Giorgio Napolitano, vecchio compagno di militanza politica di Mauro Moretti deve “interferire” e, come fa spesso, deve suggerire, a chi di dovere, che non è opportuno che la salamandra Mauro Moretti rimanga, per altri anni, al comando assoluto del grande business sottointeso alle ferrovie e al loro indotto.
Il mondo è piccolo e la gente mormora. I mormorii descrivono una ennesima recita da “ladri di Pisa”: avversari di giorno e amici di notte. La voce popolare descrive un idilliaco accordo con quelli che dovrebbero essere i concorrenti delle Ferrovie dello Stato e cioè gli azionisti della NTV guidata da Luca Cordero di Montezemolo. I mormoratori arrivano ad arzigogolare che dietro tutta questa insistenza per la Tav ci siano gli ovvi interessi francesi rappresentati da potentissimi ambienti massonici d’oltrealpe. Le solite paranoie di chi vede ovunque uomini incappucciati!

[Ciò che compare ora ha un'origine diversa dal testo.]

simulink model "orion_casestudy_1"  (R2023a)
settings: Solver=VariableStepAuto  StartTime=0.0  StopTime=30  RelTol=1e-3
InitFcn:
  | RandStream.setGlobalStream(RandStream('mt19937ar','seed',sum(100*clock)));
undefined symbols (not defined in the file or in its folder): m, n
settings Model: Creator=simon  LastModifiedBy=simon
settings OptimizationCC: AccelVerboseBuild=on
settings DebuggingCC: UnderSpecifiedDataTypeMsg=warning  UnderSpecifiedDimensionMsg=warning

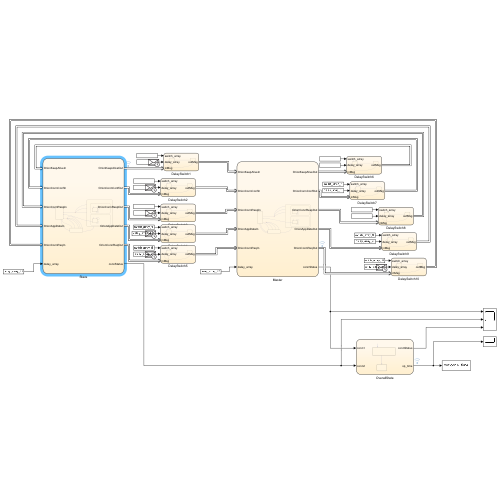
[thumbnail: Simulink's stored preview of the top-level diagram]
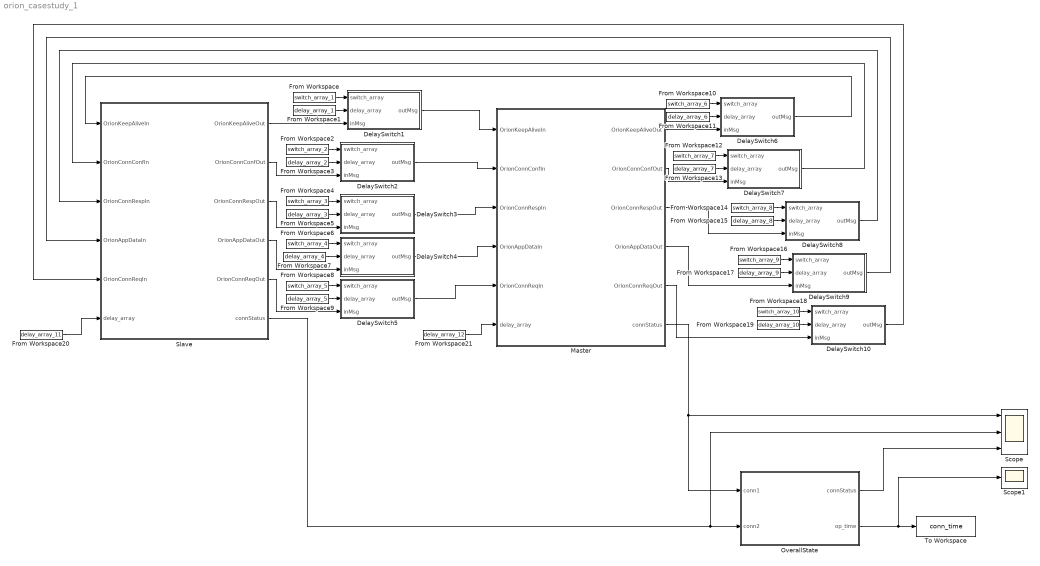
== system orion_casestudy_1 ==
  DelaySwitch1 : Stateflow chart  TreatAsAtomicUnit=on
  DelaySwitch10 : Stateflow chart  TreatAsAtomicUnit=on
  DelaySwitch2 : Stateflow chart  TreatAsAtomicUnit=on
  DelaySwitch3 : Stateflow chart  TreatAsAtomicUnit=on
  DelaySwitch4 : Stateflow chart  TreatAsAtomicUnit=on
  DelaySwitch5 : Stateflow chart  TreatAsAtomicUnit=on
  DelaySwitch6 : Stateflow chart  TreatAsAtomicUnit=on
  DelaySwitch7 : Stateflow chart  TreatAsAtomicUnit=on
  DelaySwitch8 : Stateflow chart  TreatAsAtomicUnit=on
  DelaySwitch9 : Stateflow chart  TreatAsAtomicUnit=on
  From Workspace : FromWorkspace  VariableName=switch_array_1  SampleTime=-1  Interpolate=off  ZeroCross=off  OutputAfterFinalValue=Holding final value
  From Workspace1 : FromWorkspace  VariableName=delay_array_1  SampleTime=-1  Interpolate=off  ZeroCross=off  OutputAfterFinalValue=Holding final value
  From Workspace10 : FromWorkspace  VariableName=switch_array_6  SampleTime=-1  Interpolate=off  ZeroCross=off  OutputAfterFinalValue=Holding final value
  From Workspace11 : FromWorkspace  VariableName=delay_array_6  SampleTime=-1  Interpolate=off  ZeroCross=off  OutputAfterFinalValue=Holding final value
  From Workspace12 : FromWorkspace  VariableName=switch_array_7  SampleTime=-1  Interpolate=off  ZeroCross=off  OutputAfterFinalValue=Holding final value
  From Workspace13 : FromWorkspace  VariableName=delay_array_7  SampleTime=-1  Interpolate=off  ZeroCross=off  OutputAfterFinalValue=Holding final value
  From Workspace14 : FromWorkspace  VariableName=switch_array_8  SampleTime=-1  Interpolate=off  ZeroCross=off  OutputAfterFinalValue=Holding final value
  From Workspace15 : FromWorkspace  VariableName=delay_array_8  SampleTime=-1  Interpolate=off  ZeroCross=off  OutputAfterFinalValue=Holding final value
  From Workspace16 : FromWorkspace  VariableName=switch_array_9  SampleTime=-1  Interpolate=off  ZeroCross=off  OutputAfterFinalValue=Holding final value
  From Workspace17 : FromWorkspace  VariableName=delay_array_9  SampleTime=-1  Interpolate=off  ZeroCross=off  OutputAfterFinalValue=Holding final value
  From Workspace18 : FromWorkspace  VariableName=switch_array_10  SampleTime=-1  Interpolate=off  ZeroCross=off  OutputAfterFinalValue=Holding final value
  From Workspace19 : FromWorkspace  VariableName=delay_array_10  SampleTime=-1  Interpolate=off  ZeroCross=off  OutputAfterFinalValue=Holding final value
  From Workspace2 : FromWorkspace  VariableName=switch_array_2  SampleTime=-1  Interpolate=off  ZeroCross=off  OutputAfterFinalValue=Holding final value
  From Workspace20 : FromWorkspace  VariableName=delay_array_11  SampleTime=-1  Interpolate=off  ZeroCross=off  OutputAfterFinalValue=Holding final value
  From Workspace21 : FromWorkspace  VariableName=delay_array_12  SampleTime=-1  Interpolate=off  ZeroCross=off  OutputAfterFinalValue=Holding final value
  From Workspace3 : FromWorkspace  VariableName=delay_array_2  SampleTime=-1  Interpolate=off  ZeroCross=off  OutputAfterFinalValue=Holding final value
  From Workspace4 : FromWorkspace  VariableName=switch_array_3  SampleTime=-1  Interpolate=off  ZeroCross=off  OutputAfterFinalValue=Holding final value
  From Workspace5 : FromWorkspace  VariableName=delay_array_3  SampleTime=-1  Interpolate=off  ZeroCross=off  OutputAfterFinalValue=Holding final value
  From Workspace6 : FromWorkspace  VariableName=switch_array_4  SampleTime=-1  Interpolate=off  ZeroCross=off  OutputAfterFinalValue=Holding final value
  From Workspace7 : FromWorkspace  VariableName=delay_array_4  SampleTime=-1  Interpolate=off  ZeroCross=off  OutputAfterFinalValue=Holding final value
  From Workspace8 : FromWorkspace  VariableName=switch_array_5  SampleTime=-1  Interpolate=off  ZeroCross=off  OutputAfterFinalValue=Holding final value
  From Workspace9 : FromWorkspace  VariableName=delay_array_5  SampleTime=-1  Interpolate=off  ZeroCross=off  OutputAfterFinalValue=Holding final value
  Master : Stateflow chart  TreatAsAtomicUnit=on
      settings: PortSchema="{\"entries\":[{\"content\":{\"sides\":[{\"content\":{\"connectorIds\":[\"In2\",\"In3\",\"In5\",\"In4\",\"In6\",\"In1\"]},\"type\":\"ConnectorPlacement.EquallySpacedRectSide\",\"uuid\":\"93190a42-59cb-4d31-aa72-080cef5549db\"},{\"content\":{\"connectorIds\":[\"Out1\",\"Out2\",\"Out3\",\"Out4\",\"Out5\",\"Out6\"],\"side\":\"RIGHT\"},\"type\":\"ConnectorPlacement.EquallySpacedRectSide\",\"uuid\":\"4a04e977-42e8-4d3e-8e66-86884aeb71d4\"},{\"content\":{\"side\":\"TOP\"},\"type\":\"ConnectorPlacement.EquallySpacedRectSide\",\"uuid\":\"cb7bc3bf-3799-42a3-9f12-c8b4e7be85f7\"},{\"content\":{\"side\":\"BOTTOM\"},\"type\":\"ConnectorPlacement.EquallySpacedRectSide\",\"uuid\":\"934a78a5-af7b-46d0-ad43-c65a76addb63\"}]},\"type\":\"ConnectorPlacement.EquallySpacedConnector\",\"uuid\":\"bab253c4-7746-42e8-9b4d-6fa7ff1cc3b1\"}],\"packageUris\":[\"http://schema.mathworks.com/mf0/Connector/R2020b\"],\"version\":\"1.0\"}"
  OverallState : Stateflow chart  TreatAsAtomicUnit=on
  Scope : Scope  NumInputPorts=3
  Scope1 : Scope
  Slave : Stateflow chart  TreatAsAtomicUnit=on
      settings: PortSchema="{\"entries\":[{\"content\":{\"sides\":[{\"content\":{\"connectorIds\":[\"In1\",\"In5\",\"In3\",\"In2\",\"In4\",\"In6\"]},\"type\":\"ConnectorPlacement.EquallySpacedRectSide\",\"uuid\":\"93190a42-59cb-4d31-aa72-080cef5549db\"},{\"content\":{\"connectorIds\":[\"Out3\",\"Out1\",\"Out2\",\"Out4\",\"Out5\",\"Out6\"],\"side\":\"RIGHT\"},\"type\":\"ConnectorPlacement.EquallySpacedRectSide\",\"uuid\":\"4a04e977-42e8-4d3e-8e66-86884aeb71d4\"},{\"content\":{\"side\":\"TOP\"},\"type\":\"ConnectorPlacement.EquallySpacedRectSide\",\"uuid\":\"cb7bc3bf-3799-42a3-9f12-c8b4e7be85f7\"}]},\"type\":\"ConnectorPlacement.EquallySpacedConnector\",\"uuid\":\"bab253c4-7746-42e8-9b4d-6fa7ff1cc3b1\"}],\"packageUris\":[\"http://schema.mathworks.com/mf0/Connector/R2020b\"],\"version\":\"1.0\"}"
  To Workspace : ToWorkspace  VariableName=conn_time  SaveFormat=Timeseries  SampleTime=-1
  wires:
  Slave/4(OrionAppDataOut) -> DelaySwitch4/3(inMsg)
  Slave/2(OrionConnRespOut) -> DelaySwitch3/3(inMsg)
  Slave/1(OrionConnConfOut) -> DelaySwitch2/3(inMsg)
  Slave/3(OrionKeepAliveOut) -> DelaySwitch1/3(inMsg)
  DelaySwitch3/1(outMsg) -> Master/5(OrionConnRespIn)
  DelaySwitch4/1(outMsg) -> Master/4(OrionAppDataIn)
  DelaySwitch2/1(outMsg) -> Master/3(OrionConnConfIn)
  DelaySwitch1/1(outMsg) -> Master/2(OrionKeepAliveIn)
  DelaySwitch10/1(outMsg) -> Slave/4(OrionConnReqIn)
  DelaySwitch9/1(outMsg) -> Slave/2(OrionAppDataIn)
  DelaySwitch8/1(outMsg) -> Slave/3(OrionConnRespIn)
  DelaySwitch7/1(outMsg) -> Slave/5(OrionConnConfIn)
  DelaySwitch6/1(outMsg) -> Slave/1(OrionKeepAliveIn)
  Master/6(connStatus) -> OverallState/1(conn1), Scope/1
  Slave/6(connStatus) -> Scope/2, OverallState/2(conn2)
  OverallState/1(connStatus) -> Scope/3
  OverallState/2(op_time) -> Scope1/1, To Workspace/1
  From Workspace/1 -> DelaySwitch1/1(switch_array)
  From Workspace1/1 -> DelaySwitch1/2(delay_array)
  From Workspace3/1 -> DelaySwitch2/2(delay_array)
  From Workspace2/1 -> DelaySwitch2/1(switch_array)
  From Workspace4/1 -> DelaySwitch3/1(switch_array)
  From Workspace5/1 -> DelaySwitch3/2(delay_array)
  From Workspace7/1 -> DelaySwitch4/2(delay_array)
  From Workspace6/1 -> DelaySwitch4/1(switch_array)
  From Workspace8/1 -> DelaySwitch5/1(switch_array)
  From Workspace9/1 -> DelaySwitch5/2(delay_array)
  Slave/5(OrionConnReqOut) -> DelaySwitch5/3(inMsg)
  DelaySwitch5/1(outMsg) -> Master/6(OrionConnReqIn)
  From Workspace11/1 -> DelaySwitch6/2(delay_array)
  From Workspace10/1 -> DelaySwitch6/1(switch_array)
  Master/1(OrionKeepAliveOut) -> DelaySwitch6/3(inMsg)
  From Workspace12/1 -> DelaySwitch7/1(switch_array)
  From Workspace13/1 -> DelaySwitch7/2(delay_array)
  From Workspace15/1 -> DelaySwitch8/2(delay_array)
  From Workspace14/1 -> DelaySwitch8/1(switch_array)
  Master/2(OrionConnConfOut) -> DelaySwitch7/3(inMsg)
  Master/3(OrionConnRespOut) -> DelaySwitch8/3(inMsg)
  From Workspace16/1 -> DelaySwitch9/1(switch_array)
  From Workspace17/1 -> DelaySwitch9/2(delay_array)
  From Workspace19/1 -> DelaySwitch10/2(delay_array)
  From Workspace18/1 -> DelaySwitch10/1(switch_array)
  Master/4(OrionAppDataOut) -> DelaySwitch9/3(inMsg)
  Master/5(OrionConnReqOut) -> DelaySwitch10/3(inMsg)
  From Workspace20/1 -> Slave/6(delay_array)
  From Workspace21/1 -> Master/1(delay_array)

== stateflow chart orion_casestudy_1/DelaySwitch3 ==
  state Operation
  state Sending
  (default) -> Operation : {i=0;}
  (junction 7) -> Operation [order 2]
  Sending -> Operation : after(delay_array(i),msec)
      | {receive(inMsg);outMsg.data=0;send(outMsg);}
  Operation -> (junction 7) : inMsg{i = i + 1;}
  (junction 7) -> Sending [order 1] : [switch_array(i)==0]
  data: switch_array input; delay_array input; outMsg output; inMsg input; i local

== stateflow chart orion_casestudy_1/DelaySwitch4 ==
  state Operation
  state Sending
  (default) -> Operation : {i=0;}
  (junction 7) -> Operation [order 2]
  Sending -> Operation : after(delay_array(i),msec)
      | {receive(inMsg);outMsg.data=0;send(outMsg);}
  Operation -> (junction 7) : inMsg{i = i + 1;}
  (junction 7) -> Sending [order 1] : [switch_array(i)==0]
  data: switch_array input; delay_array input; outMsg output; inMsg input; i local

== stateflow chart orion_casestudy_1/DelaySwitch5 ==
  state Operation
  state Sending
  (default) -> Operation : {i=0;}
  (junction 7) -> Operation [order 2]
  Sending -> Operation : after(delay_array(i),msec)
      | {receive(inMsg);outMsg.data=0;send(outMsg);}
  Operation -> (junction 7) : inMsg{i = i + 1;}
  (junction 7) -> Sending [order 1] : [switch_array(i)==0]
  data: switch_array input; delay_array input; outMsg output; inMsg input; i local

== stateflow chart orion_casestudy_1/DelaySwitch6 ==
  state Operation
  state Sending
  (default) -> Operation : {i=0;}
  (junction 7) -> Operation [order 2]
  Sending -> Operation : after(delay_array(i),msec)
      | {receive(inMsg);outMsg.data=0;send(outMsg);}
  Operation -> (junction 7) : inMsg{i = i + 1;}
  (junction 7) -> Sending [order 1] : [switch_array(i)==0]
  data: switch_array input; delay_array input; outMsg output; inMsg input; i local

== stateflow chart orion_casestudy_1/Slave ==
  settings: updateMethod=CONTINUOUS
  state Connected
    entry:
    connStatus=2;
    state KeepAliveSendTimeout [parallel]
      settings: executionOrder=1
      state KeepAliveSend
      (default) -> KeepAliveSend
      KeepAliveSend -> KeepAliveSend [order 1] : after(delay_array(i)*5,msec)
          |  {OrionKeepAliveOut.data=0;
          | send(OrionKeepAliveOut);i = i + 1;}
      KeepAliveSend -> KeepAliveSend [order 2] : SendDataIn
          | {OrionAppDataOut.data=0;
          | send(OrionAppDataOut);}
    state KeepAliveRecieveTimeout [parallel]
      settings: executionOrder=2
      state KeepAlineRec
      (default) -> KeepAlineRec
      KeepAlineRec -> KeepAlineRec [order 2] : OrionKeepAliveIn
      KeepAlineRec -> KeepAlineRec [order 3] : OrionAppDataIn
  state Closed
    entry:
    connStatus=0;
  state Connecting
    entry:
    connStatus=1;
  Connected -> (junction 6) [order 2] : OrionConnRespIn
  Connected -> (junction 6) [order 3] : OrionConnReqIn
  (default) -> Closed : {i=1;}
  (junction 6) -> Closed
  Connected -> (junction 6) [order 1] : OrionConnConfIn
  KeepAlineRec -> Closed [order 1] : after(delay_array(i)*5,msec)
      | {i = i + 1;}
  Connecting -> (junction 36) [order 6] : OrionAppDataIn
  Connecting -> (junction 36) [order 5] : OrionConnReqIn
  (junction 36) -> Closed
  Connecting -> (junction 36) [order 4] : OrionConnRespIn
  Connecting -> (junction 36) [order 3] : OrionKeepAliveIn
  Closed -> Connecting : OrionConnReqIn
      | {OrionConnRespOut.data=0;
      | send(OrionConnRespOut);}
  Connecting -> Closed [order 1] : after(delay_array(i)*5,msec)
      | {i = i + 1;}
  Connecting -> Connected [order 2] : OrionConnConfIn{OrionConnConfOut.data=0;send(OrionConnConfOut);}
  data: OrionKeepAliveIn input; OrionConnConfOut output; OrionConnRespOut output; OrionKeepAliveOut output; OrionAppDataOut output; OrionAppDataIn input; OrionConnRespIn input; OrionConnReqIn input; OrionConnReqOut output size=1; connStatus output; SendDataIn local; OrionConnConfIn input; delay_array input; i local

== stateflow chart orion_casestudy_1/DelaySwitch7 ==
  state Operation
  state Sending
  (default) -> Operation : {i=0;}
  (junction 7) -> Operation [order 2]
  Sending -> Operation : after(delay_array(i),msec)
      | {receive(inMsg);outMsg.data=0;send(outMsg);}
  Operation -> (junction 7) : inMsg{i = i + 1;}
  (junction 7) -> Sending [order 1] : [switch_array(i)==0]
  data: switch_array input; delay_array input; outMsg output; inMsg input; i local

== stateflow chart orion_casestudy_1/DelaySwitch8 ==
  state Operation
  state Sending
  (default) -> Operation : {i=0;}
  (junction 7) -> Operation [order 2]
  Sending -> Operation : after(delay_array(i),msec)
      | {receive(inMsg);outMsg.data=0;send(outMsg);}
  Operation -> (junction 7) : inMsg{i = i + 1;}
  (junction 7) -> Sending [order 1] : [switch_array(i)==0]
  data: switch_array input; delay_array input; outMsg output; inMsg input; i local

== stateflow chart orion_casestudy_1/DelaySwitch9 ==
  state Operation
  state Sending
  (default) -> Operation : {i=0;}
  (junction 7) -> Operation [order 2]
  Sending -> Operation : after(delay_array(i),msec)
      | {receive(inMsg);outMsg.data=0;send(outMsg);}
  Operation -> (junction 7) : inMsg{i = i + 1;}
  (junction 7) -> Sending [order 1] : [switch_array(i)==0]
  data: switch_array input; delay_array input; outMsg output; inMsg input; i local

== stateflow chart orion_casestudy_1/DelaySwitch10 ==
  state Operation
  state Sending
  (default) -> Operation : {i=0;}
  (junction 7) -> Operation [order 2]
  Sending -> Operation : after(delay_array(i),msec)
      | {receive(inMsg);outMsg.data=0;send(outMsg);}
  Operation -> (junction 7) : inMsg{i = i + 1;}
  (junction 7) -> Sending [order 1] : [switch_array(i)==0]
  data: switch_array input; delay_array input; outMsg output; inMsg input; i local

== stateflow chart orion_casestudy_1/OverallState ==
  settings: updateMethod=CONTINUOUS
  state NotConnected
    op_time=temporalCount(msec);
  state Connected
    entry:
    connStatus=1;
  (default) -> NotConnected : {connStatus=0;
      | op_time=0;}
  NotConnected -> Connected : [conn1==2 && conn2==2]
  data: conn1 input; conn2 input; connStatus output; op_time output

== stateflow chart orion_casestudy_1/DelaySwitch1 ==
  state Operation
  state Sending
  (default) -> Operation : {i=0;}
  (junction 7) -> Operation [order 2]
  Sending -> Operation : after(delay_array(i),msec)
      | {receive(inMsg);outMsg.data=0;send(outMsg);}
  Operation -> (junction 7) : inMsg{i = i + 1;}
  (junction 7) -> Sending [order 1] : [switch_array(i)==0]
  data: switch_array input; delay_array input; outMsg output; inMsg input; i local

== stateflow chart orion_casestudy_1/DelaySwitch2 ==
  state Operation
  state Sending
  (default) -> Operation : {i=0;}
  (junction 7) -> Operation [order 2]
  Sending -> Operation : after(delay_array(i),msec)
      | {receive(inMsg);outMsg.data=0;send(outMsg);}
  Operation -> (junction 7) : inMsg{i = i + 1;}
  (junction 7) -> Sending [order 1] : [switch_array(i)==0]
  data: switch_array input; delay_array input; outMsg output; inMsg input; i local

== stateflow chart orion_casestudy_1/Master ==
  settings: updateMethod=CONTINUOUS
  state Connected
    entry:
    connStatus=2;
    state KeepAliveSendTimeout [parallel]
      settings: executionOrder=1
      state KeepAliveSend
      (default) -> KeepAliveSend
      KeepAliveSend -> KeepAliveSend [order 1] : after(delay_array(i)*5,msec)
          | {OrionKeepAliveOut.data=0;
          | send(OrionKeepAliveOut);
          | i = i + 1;}
      KeepAliveSend -> KeepAliveSend [order 2] : SendDataIn
          | {OrionAppDataOut.data=0;
          | send(OrionAppDataOut);}
    state KeepAliveRecieveTimeout [parallel]
      settings: executionOrder=2
      state KeepAlineRec
      (default) -> KeepAlineRec
      KeepAlineRec -> KeepAlineRec [order 2] : OrionKeepAliveIn
      KeepAlineRec -> KeepAlineRec [order 3] : OrionAppDataIn
  state Closed
    entry:
    connStatus=0;
  state Connecting
    entry:
    connStatus=1;
  Connected -> (junction 6) [order 1] : OrionConnConfIn
  (default) -> Closed : {i=1;}
  Connected -> (junction 6) [order 2] : OrionConnRespIn
  Connected -> (junction 6) [order 3] : OrionConnReqIn
  (junction 6) -> Closed
  KeepAlineRec -> Closed [order 1] : after(delay_array(i)*5,msec)
      | {i = i + 1;}
  Connecting -> (junction 36) [order 5] : OrionConnReqIn
  (junction 36) -> Closed
  Connecting -> (junction 36) [order 4] : OrionConnRespIn
  Connecting -> (junction 36) [order 2] : OrionKeepAliveIn
  Connecting -> Closed [order 3] : after(delay_array(i)*5,msec)
      | {i = i + 1;}
  Closed -> Connecting [order 2] : after(delay_array(i)*5,msec)
      | {OrionConnReqOut.data=0;send(OrionConnReqOut);i = i + 1;}
  Closed -> Connecting [order 1] : OrionConnReqIn
      | {OrionConnRespOut.data=0;send(OrionConnRespOut);}
  Connecting -> Connected [order 1] : OrionConnRespIn
      | {OrionConnConfOut.data=0;
      | send(OrionConnConfOut);}
  data: delay_array input; OrionKeepAliveOut output; OrionKeepAliveIn input; OrionConnConfOut output; OrionConnConfIn input; OrionConnRespOut output; OrionAppDataOut output; OrionAppDataIn input; OrionConnRespIn input; OrionConnReqIn input; OrionConnReqOut output; connStatus output; SendDataIn local; i local

Scelgo di usare parole di un addetto ai lavori, l’onorevole Mario Valducci, per invitare a riflettere sulla inadeguatezza di chi ha diretto per troppi anni le Ferrovie dello Stato.
Il testo quando fu scritto nell’agosto del 2011, non sembrava, tranne per una battuta (Da quando è stata attivata la Tav tra Roma e Milano, realizzando la “metropolitana d’Italia”, come enfaticamente definita dall’ad di Ferrovie Mauro Moretti, si è parlato dell’utilità in termini di business tra i due principali poli italiani, ma di rado della sua funzione culturale.) censurare l’operato di Mauro Moretti.
Oggi quell’intervento va riletto e apprezzato per quanto riguarda la denuncia dell’arretratezza “culturale” delle Ferrovie, tutta ascrivibile a chi avrebbe dovuto promuovere un cambio di paradigmi e non l’ha fatto.
Da troppi anni (Moretti era già lì quando fu ucciso il direttore generale Ligato il 27 agosto del 1989) la salamandra, ha sempre pensato a salvarsi dalle fiamme, ma non è riuscita ad evitare che la questione della Val di Susa si incancrenisse e divenisse un problema soltanto di ordine pubblico, di contrapposizioni violente e di sicurezza nazionale.
Prendiamo atto che oltre a tutto il resto costituito dal deteriorarsi delle infrastrutture ferroviarie e dall’orrore degli incidenti insanguinati, Moretti non è riuscito, culturalmente, a risolvere questo nodo strategico. Proviamo a cambiare e a mandare a casa il longevo satrapo onnipotente. Proviamo ad affidare le Ferrovie italiane a qualcuno che non sia Mauro Moretti.
Leo Rugens
MAURO MORETTI L’UOMO DEI DUE PESI E DELLE DUE MISURE
Come dire no a chi dice sempre no
26 – 07 – 2011
Mario Valducci
È endemica la difficoltà italiana di decidere e agire, a meno di non essere in emergenza. Il caso della costruzione del tratto di Alta velocità ferroviaria in Val di Susa è illuminante.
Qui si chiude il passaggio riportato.